Reproductive Medicine Center, Department of Obstetrics and Gynecology, The First Affiliated Hospital of Anhui Medical University, Hefei 230022, PR China; NHC Key Laboratory of study on abnormal gametes and reproductive tract, Anhui Medical University, Hefei 230022, PR China; Department of Histology and Embryology, Anhui Medical University, Hefei 230032, Anhui, PR China.
Reproductive Medicine Center, Department of Obstetrics and Gynecology, The First Affiliated Hospital of Anhui Medical University, Hefei 230022, PR China; NHC Key Laboratory of study on abnormal gametes and reproductive tract, Anhui Medical University, Hefei 230022, PR China; Key Laboratory of Population Health Across Life Cycle (Anhui Medical University), Ministry of Education of the People's Republic of China, No 81 Meishan Road, Hefei 230032, Anhui, PR China; Anhui Province Key Laboratory of Reproductive Health and Genetics, No 81 Meishan Road, Hefei 230032, Anhui, PR China; Biopreservation and Artificial Organs, Anhui Provincial Engineering Research Center, Anhui Medical University, No 81 Meishan Road, Hefei 230032, Anhui, PR China; Anhui Provincial Institute of Translational Medicine, No 81 Meishan Road, Hefei 230032, Anhui, PR China.

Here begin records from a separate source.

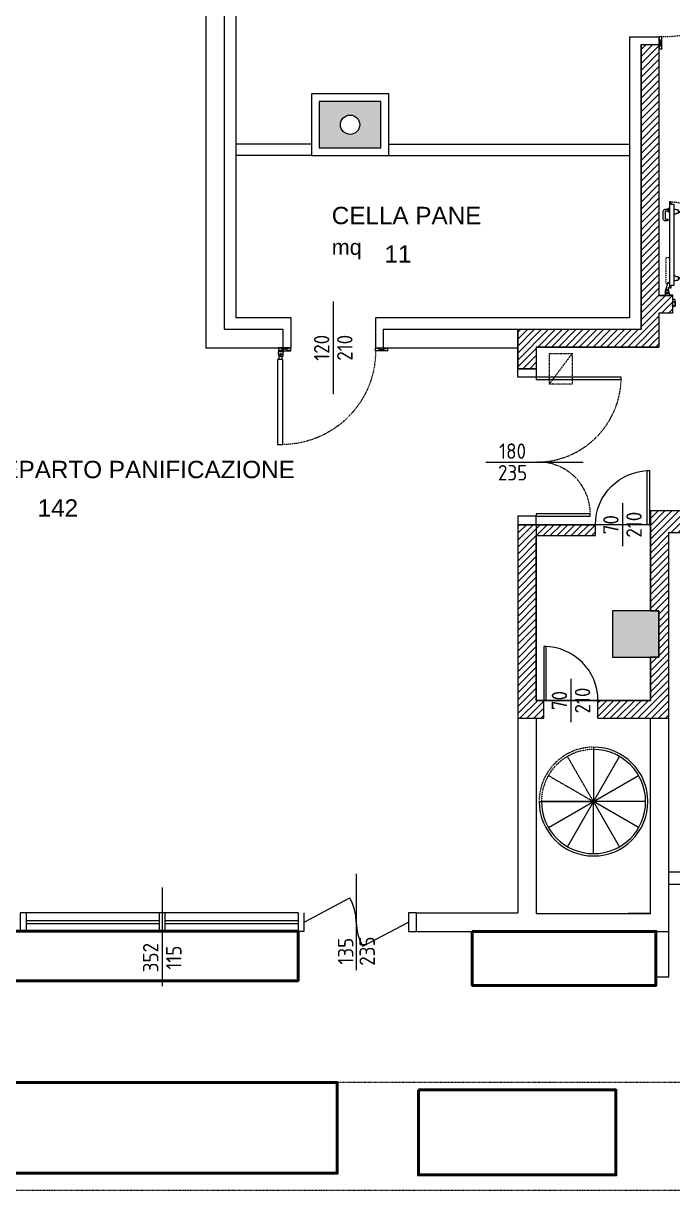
# Model space of a CAD drawing. Header units: millimetres. Extents: x 153 to 11230, y 154 to 10357.
# Drawn here: x 2102 to 2943, y 7254 to 8767 of the extents above; entities that cross this region are included whole.
import ezdxf
from ezdxf.enums import TextEntityAlignment as Align

# ---------------------------------------------------------------- set-up
doc = ezdxf.new("R2010")
doc.units = ezdxf.units.MM
for name, pattern in [('HIDDEN1', [0.1, 0.05, -0.05]), ('HIDDEN4', [0.125, 0.025, -0.1]), ('HIDEGIO', [0.25, 0.125, -0.125])]:
    doc.linetypes.add(name, pattern=pattern)
for name, color, linetype, lineweight in [('410_STRUTTURE_001-AM_0', 7, 'Continuous', 0), ('430_TAVOLATI_001-AM_0', 3, 'Continuous', 0), ('435_PARETI_CELLA_001-AM_0', 2, 'Continuous', 0), ('438_FOROMETRIE_001-AM_0', 7, 'Continuous', 0), ('439_TESTI_SERRAMENTI_001-AM_0', 11, 'Continuous', 0), ('441_SERRAMENTI_001-AM_0', 1, 'Continuous', 0), ('448_SCALE_001-AM_0', 216, 'Continuous', 0), ('454_PROIEZIONI_001-AM_0', 61, 'Continuous', 0), ('461_LAYOUT_SCHEMA_001-AM_0', 11, 'Continuous', 50), ('471_TESTI_POLIGONI_001-AM_0', 221, 'Continuous', 0), ('480_CAMPITURE_SIMB_REI_001-AM_0', 30, 'Continuous', 0)]:
    doc.layers.add(name, color=color, linetype=linetype, lineweight=lineweight)
doc.styles.add('AREA', font='arial.ttf')
doc.styles.get("Standard").update_dxf_attribs({"font": 'isocp.shx'})

# ---------------------------------------------------------------- blocks, each defined once
blk = doc.blocks.new('SUP-LOC')
at = {"style": 'AREA'}
blk.add_text('mq', height=20, dxfattribs=at).set_placement((7.7, -17.4))
for tag, p in [('NAME_LOC', (7.7, 22.3)), ('AREA_AREA', (62.9, -17.4))]:
    blk.add_attdef(tag, p, '', height=20, dxfattribs=at)
blk = doc.blocks.new('PORTA070')
for p, q in [((35, 28), (35, -28)), ((0, 0), (70, 0))]:
    blk.add_line(p, q)
blk.add_lwpolyline([(0, 0), (3, 0), (3, 70), (0, 70)], close=True)
blk.add_arc((0, 0), 70, 0, 90)
blk = doc.blocks.new('Etichetta_porte-H20')
for p in [(-15, 0), (15, 0)]:
    blk.add_attdef('000', text='', height=20, rotation=90).set_placement(p, align=Align.MIDDLE)
blk = doc.blocks.new('PORTA-CELLA_120')
for p, q in [((-17.2, 15.3), (-17.2, 135.3)), ((-17.2, 135.3), (-10.2, 135.3)), ((-10.2, 135.3), (-10.2, 15.3)), ((60, -60), (60, 60)), ((-10.2, 15.3), (-17.2, 15.3)), ((-15.6, 15.3), (-15.7, 15.3)), ((-15.6, 15.3), (-15.6, 15.3)), ((-15.5, 15.3), (-15.6, 15.3)), ((-15.5, 15.2), (-15.5, 15.3)), ((-15.4, 15.2), (-15.5, 15.2)), ((-15.3, 15.2), (-15.4, 15.2)), ((-15.3, 15.1), (-15.3, 15.2)), ((-15.3, 15.1), (-15.3, 15.1)), ((-10.9, 15.1), (-11, 15.1)), ((-10.9, 15.2), (-10.9, 15.1)), ((-10.8, 15.2), (-10.9, 15.2)), ((-10.7, 15.3), (-10.8, 15.2)), ((-10.8, 15.2), (-10.8, 15.2)), ((-10.6, 15.3), (-10.7, 15.3)), ((-10.6, 15.3), (-10.6, 15.3)), ((-10.5, 15.3), (-10.6, 15.3)), ((-14.4, 11.2), (-16, 8.8)), ((-16, 8.8), (-16, 4.6)), ((-16, 4.6), (-9, 4.6)), ((-16, 4), (-16, 4.6)), ((-16, 4), (0, 4)), ((0, 0), (-16, 4)), ((0, 4), (-16, 0)), ((-9, 4), (-16, 4)), ((-16, 0), (-16, 4)), ((0, 0), (-16, 0)), ((-15.2, 15.1), (-15.3, 15.1)), ((-15.2, 15), (-15.2, 15.1)), ((-15.2, 14.9), (-15.2, 15)), ((-15.1, 14.9), (-15.2, 14.9)), ((-15.1, 14.8), (-15.1, 14.9)), ((-15.1, 14.8), (-15.1, 14.8)), ((-15.1, 14.7), (-15.1, 14.8)), ((-15.1, 14.7), (-15.1, 10.1)), ((-11.1, 8.8), (-14.9, 8.8)), ((-10, 11.2), (-14.4, 11.2)), ((-13.8, 9.2), (-13.9, 9.1)), ((-13.9, 9.1), (-13.9, 9)), ((-13.9, 9), (-13.9, 8.9)), ((-13.9, 8.9), (-13.9, 8.8)), ((-13.9, 8.8), (-13.9, 8.7)), ((-13.9, 8.7), (-13.9, 8.6)), ((-13.9, 8.6), (-13.9, 8.5)), ((-13.9, 8.5), (-13.8, 8.4)), ((-13.7, 9.3), (-13.8, 9.2)), ((-13.8, 9.2), (-13.8, 9.2)), ((-13.8, 8.4), (-13.8, 8.3)), ((-13.8, 8.3), (-13.7, 8.3)), ((-13.6, 9.5), (-13.7, 9.4)), ((-13.7, 9.4), (-13.7, 9.3)), ((-13.7, 8.3), (-13.7, 8.2)), ((-13.7, 8.2), (-13.6, 8.1)), ((-13.5, 9.5), (-13.6, 9.5)), ((-13.6, 8.1), (-13.5, 8.1)), ((-13.4, 9.6), (-13.5, 9.5)), ((-13.5, 8.1), (-13.4, 8)), ((-13.3, 9.7), (-13.4, 9.6)), ((-13.4, 9.6), (-13.4, 9.6)), ((-13.4, 8), (-13.3, 7.9)), ((-13.4, 8), (-13.4, 8)), ((-13.2, 9.7), (-13.3, 9.7)), ((-13.3, 7.9), (-13.2, 7.9)), ((-13.1, 9.7), (-13.2, 9.7)), ((-13.2, 7.9), (-13.1, 7.9)), ((-13, 9.7), (-13.1, 9.7)), ((-13.1, 7.9), (-13, 7.9)), ((-13, 6.9), (-13, 10.7)), ((-12.9, 9.7), (-13, 9.7)), ((-13, 7.9), (-12.9, 7.9)), ((-12.8, 9.7), (-12.9, 9.7)), ((-12.9, 7.9), (-12.8, 7.9)), ((-12.7, 9.7), (-12.8, 9.7)), ((-12.8, 7.9), (-12.7, 7.9)), ((-12.6, 9.6), (-12.7, 9.7)), ((-12.7, 7.9), (-12.6, 8)), ((-12.5, 9.6), (-12.6, 9.6)), ((-12.6, 8), (-12.5, 8)), ((-12.5, 9.5), (-12.5, 9.6)), ((-12.4, 9.5), (-12.5, 9.5)), ((-12.5, 8.1), (-12.4, 8.1)), ((-12.5, 8), (-12.5, 8.1)), ((-12.3, 9.4), (-12.4, 9.5)), ((-12.4, 8.1), (-12.3, 8.2)), ((-12.3, 9.3), (-12.3, 9.4)), ((-12.2, 9.2), (-12.3, 9.3)), ((-12.3, 8.3), (-12.2, 8.3)), ((-12.3, 8.2), (-12.3, 8.3)), ((-12.2, 9.2), (-12.2, 9.2)), ((-12.1, 9.1), (-12.2, 9.2)), ((-12.2, 8.4), (-12.1, 8.5)), ((-12.2, 8.3), (-12.2, 8.4)), ((-12.1, 9), (-12.1, 9.1)), ((-12.1, 8.9), (-12.1, 9)), ((-12.1, 8.8), (-12.1, 8.9)), ((-12.1, 8.7), (-12.1, 8.8)), ((-12.1, 8.6), (-12.1, 8.7)), ((-12.1, 8.5), (-12.1, 8.6)), ((-11, 15), (-11.1, 14.9)), ((-11.1, 14.9), (-11.1, 14.8)), ((-11.1, 14.8), (-11.1, 14.7)), ((-11.1, 14.8), (-11.1, 14.8)), ((-11.1, 14.7), (-11.1, 11.2)), ((-11, 15.1), (-11, 15)), ((-11, 15), (-11, 15)), ((-10, 4.6), (-10, 11.2)), ((-9, 4.6), (-9, 4)), ((0, 4), (0, 0)), ((136, 4), (120, 4)), ((120, 4), (136, 0)), ((120, 0), (136, 4)), ((120, 4), (120, 0)), ((120, 0), (136, 0)), ((136, 4), (136, 0))]:
    blk.add_line(p, q)
at = {"linetype": 'HIDDEN4', "extrusion": (0, 0, -1)}
blk.add_ellipse((-11.4, 3.9), major_axis=(94.5, 93.6), ratio=0.975352, start_param=-0.792911, end_param=0.792911, dxfattribs=at)
blk = doc.blocks.new('PORTA_US-REI-180')
for p, q in [((10.8, 104.2), (15, 104.2)), ((199.2, 104.2), (195, 104.2)), ((105, -45.2), (105, 75.8)), ((10.8, 26.5), (15, 26.5)), ((199.2, 26.5), (195, 26.5)), ((-4.6, 10.4), (-3.9, 10.4)), ((214.6, 10.4), (213.9, 10.4))]:
    blk.add_line(p, q)
at = {"ltscale": 20}
for points in [[(-1.3, 13.1), (2.1, 13.1), (2.1, 117.7), (-1.7, 117.7), (-1.7, 121.1), (-3.9, 121.1), (-3.9, 9.7), (-1.7, 9.7), (-1.7, 13.1)], [(211.3, 13.1), (207.9, 13.1), (207.9, 117.7), (211.7, 117.7), (211.7, 121.1), (213.9, 121.1), (213.9, 9.7), (211.7, 9.7), (211.7, 13.1)], [(-3.9, 113.1), (-3.9, 110.4), (-3.9, 107.7), (-5, 107.7), (-5, 113.1)]]:
    blk.add_lwpolyline(points, close=True, dxfattribs=at)
blk.add_lwpolyline([(-5, 109.3), (-9.1, 109.3, 0.414214), (-9.6, 108.8), (-9.6, 99.5, 0.414214), (-9.1, 99), (-6.1, 99), (-6.1, 96.7), (-9.6, 96.7, -0.414214), (-11.9, 99), (-11.9, 109.3, -0.414214), (-9.6, 111.6), (-5, 111.6), (-5, 110.4)], format="xyb", close=True, dxfattribs=at)
for points in [[(2.1, 105.7), (3.8, 105.7), (5.4, 106.5), (7.1, 106.5, 0.414214), (7.8, 107.2), (7.8, 108.6), (7.8, 110, 0.414214), (7.1, 110.7), (5.4, 110.7), (3.8, 111.5), (2.1, 111.5)], [(7.8, 107.9), (8.7, 107.9), (10.6, 107.1), (11.6, 106.2, -0.673028), (11.3, 105.6, 2.414214)], [(202.2, 107.9), (201.3, 107.9), (199.4, 107.1), (198.4, 106.2, 0.673028), (198.7, 105.6, -2.414214)], [(207.9, 105.7), (206.2, 105.7), (204.6, 106.5), (202.9, 106.5, -0.414214), (202.2, 107.2), (202.2, 108.6), (202.2, 110, -0.414214), (202.9, 110.7), (204.6, 110.7), (206.2, 111.5), (207.9, 111.5)], [(2.1, 19.2), (3.8, 19.2), (5.4, 20), (7.1, 20, 0.414214), (7.8, 20.7), (7.8, 22.1), (7.8, 23.5, 0.414214), (7.1, 24.2), (5.4, 24.2), (3.8, 25), (2.1, 25)], [(7.8, 22.8), (8.7, 22.8), (10.6, 23.6), (11.6, 24.5, 0.673028), (11.3, 25.1, -2.414214)], [(202.2, 22.8), (201.3, 22.8), (199.4, 23.6), (198.4, 24.5, -0.673028), (198.7, 25.1, 2.414214)], [(207.9, 19.2), (206.2, 19.2), (204.6, 20), (202.9, 20, -0.414214), (202.2, 20.7), (202.2, 22.1), (202.2, 23.5, -0.414214), (202.9, 24.2), (204.6, 24.2), (206.2, 25), (207.9, 25)], [(-5.3, 7), (-5.3, 9.7, -0.414214), (-4.6, 10.4, 0.414214)], [(215.3, 7), (215.3, 9.7, 0.414214), (214.6, 10.4, -0.414214)]]:
    blk.add_lwpolyline(points, format="xyb")
for points in [[(7.8, 109.3), (8.7, 109.3), (10.6, 108.5), (13.2, 106), (14.2, 105.6)], [(202.2, 109.3), (201.3, 109.3), (199.4, 108.5), (196.8, 106), (195.8, 105.6)], [(-6, 16.7), (-8.8, 7)], [(-6, 16.7), (-3.9, 16.7)], [(7.8, 21.4), (8.7, 21.4), (10.6, 22.2), (13.2, 24.7), (14.2, 25.1)], [(202.2, 21.4), (201.3, 21.4), (199.4, 22.2), (196.8, 24.7), (195.8, 25.1)], [(216, 16.7), (213.9, 16.7)], [(216, 16.7), (218.8, 7)], [(-8.8, 3.5), (-8.8, 7), (-8.1, 7.6), (-6, 7.6), (-5.3, 7), (-5.3, 3.5)], [(-7.6, 5.9), (-7.1, 5.9), (-6.6, 5.9)], [(-7.1, 5.4), (-7.1, 5.9), (-7.1, 6.4)], [(218.8, 3.5), (218.8, 7), (218.1, 7.6), (216, 7.6), (215.3, 7), (215.3, 3.5)], [(217.6, 5.9), (217.1, 5.9), (216.6, 5.9)], [(217.1, 5.4), (217.1, 5.9), (217.1, 6.4)], [(3.1, -5.7), (3.1, -5.4), (0.3, -5.4)], [(206.9, -5.7), (206.9, -5.4), (209.7, -5.4)]]:
    blk.add_lwpolyline(points)
for points in [[(11, 25.1), (14.9, 25.1, 0.414214), (15, 25.2), (15, 105.5, 0.414214), (14.9, 105.6), (11, 105.6, 0.414214), (10.8, 105.5), (10.8, 25.2, 0.414214)], [(199, 25.1), (195.2, 25.1, -0.414214), (195, 25.2), (195, 105.5, -0.414214), (195.2, 105.6), (199, 105.6, -0.414214), (199.2, 105.5), (199.2, 25.2, -0.414214)]]:
    blk.add_lwpolyline(points, format="xyb", close=True)
at = {"linetype": 'HIDDEN1', "ltscale": 0.5}
for points in [[(-3.9, 48.9), (-8.5, 48.9), (-8.5, 15.5), (-3.9, 15.5)], [(213.9, 48.9), (218.5, 48.9), (218.5, 15.5), (213.9, 15.5)]]:
    blk.add_lwpolyline(points, dxfattribs=at)
for points in [[(-7.5, 0.3), (-9.2, 0.3), (-9.2, 3.1), (-4.3, 3.1), (-4.3, 0), (0, 0), (0, -8.4), (3.5, -8.4), (3.5, -13.7), (0.2, -13.7), (0.2, -12), (0, -12), (0, -13.9), (3.7, -13.9), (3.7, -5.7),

Mitochondrion. 2021 Nov;61:44-53. doi: 10.1016/j.mito.2021.09.009. Epub 2021 Sep 24.
Excessive autophagy-induced follicular atresia of ovarian granulosa cells might be one of the pathogenesis of Premature Ovarian Insufficiency (POI), and melatonin (MT) exerted many beneficial effects on mitochondria. However, there was little report regarding the beneficial effects of MT on excessive autophagy-induced mitochondrial and ovarian reserve function deficiency, and the mechanisms have not been clearly identified. Autophagy played a protective role in cells survival, however, high level of autophagy could lead to cell death. In this report, firstly, Chinese hamster ovary cell damage model stably expressing EGFP-LC3 was established. Next, we systematically investigated the protective effects of MT on mitochondrial and ovarian reserve function and molecular mechanisms using this cell damage model. Our results revealed that 10 M MT not only protected against the decline of anti-mullerian hormone (AMH) expression induced by excessive autophagy, but also rescued excessive autophagy-induced impairment of mitochondrial expression and mitochondrial membrane potential. Furthermore, MT protected against excessive autophagy-induced decrease of nucleus-encoded proteins including SDHA and mitofilin, and mitochondrial dynamic-related proteins including OPA1, MFN2, and DRP1. MT also decreased mitochondrial oxidative stress, increased antioxidant enzyme superoxide dismutase 2 (SOD2) expression and ameliorated the G2/M cell cycle arrest induced by excessive autophagy. Finally, MT inhibited excessive autophagy-induced activation of extracellular signal regulated kinase (ERK) signaling pathway. In conclusion, our study showed that MT rescued impairment of mitochondrial and ovarian reserve function, and production of mitochondrial ROS and cell cycle arrest induced by excessive autophagy through down-regulated ERK pathway, implying the potential therapeutic drug target for POI.
过度的自噬诱导卵巢颗粒细胞卵泡闭锁可能是卵巢早衰(POI)的发病机制之一,而褪黑素(MT)对线粒体发挥了许多有益作用。然而,关于 MT 对过度自噬诱导的线粒体和卵巢储备功能缺陷的有益作用的报道很少,其机制也尚未明确。自噬在细胞存活中发挥保护作用,然而,高水平的自噬可能导致细胞死亡。在本报告中,首先建立了稳定表达 EGFP-LC3 的中国仓鼠卵巢细胞损伤模型。接下来,我们使用该细胞损伤模型系统地研究了 MT 对线粒体和卵巢储备功能的保护作用及其分子机制。我们的结果表明,10 μM MT 不仅可以防止过度自噬诱导的抗苗勒管激素(AMH)表达下降,还可以挽救过度自噬诱导的线粒体表达和线粒体膜电位损伤。此外,MT 可以防止过度自噬诱导的核编码蛋白(包括 SDHA 和 mitofilin)和线粒体动力学相关蛋白(包括 OPA1、MFN2 和 DRP1)的减少。MT 还可以减少线粒体氧化应激,增加抗氧化酶超氧化物歧化酶 2(SOD2)的表达,并改善过度自噬诱导的 G2/M 细胞周期停滞。最后,MT 抑制了过度自噬诱导的细胞外信号调节激酶(ERK)信号通路的激活。总之,我们的研究表明,MT 通过下调 ERK 信号通路,挽救了过度自噬诱导的线粒体和卵巢储备功能损伤、线粒体 ROS 产生和细胞周期停滞,这为 POI 提供了潜在的治疗药物靶点。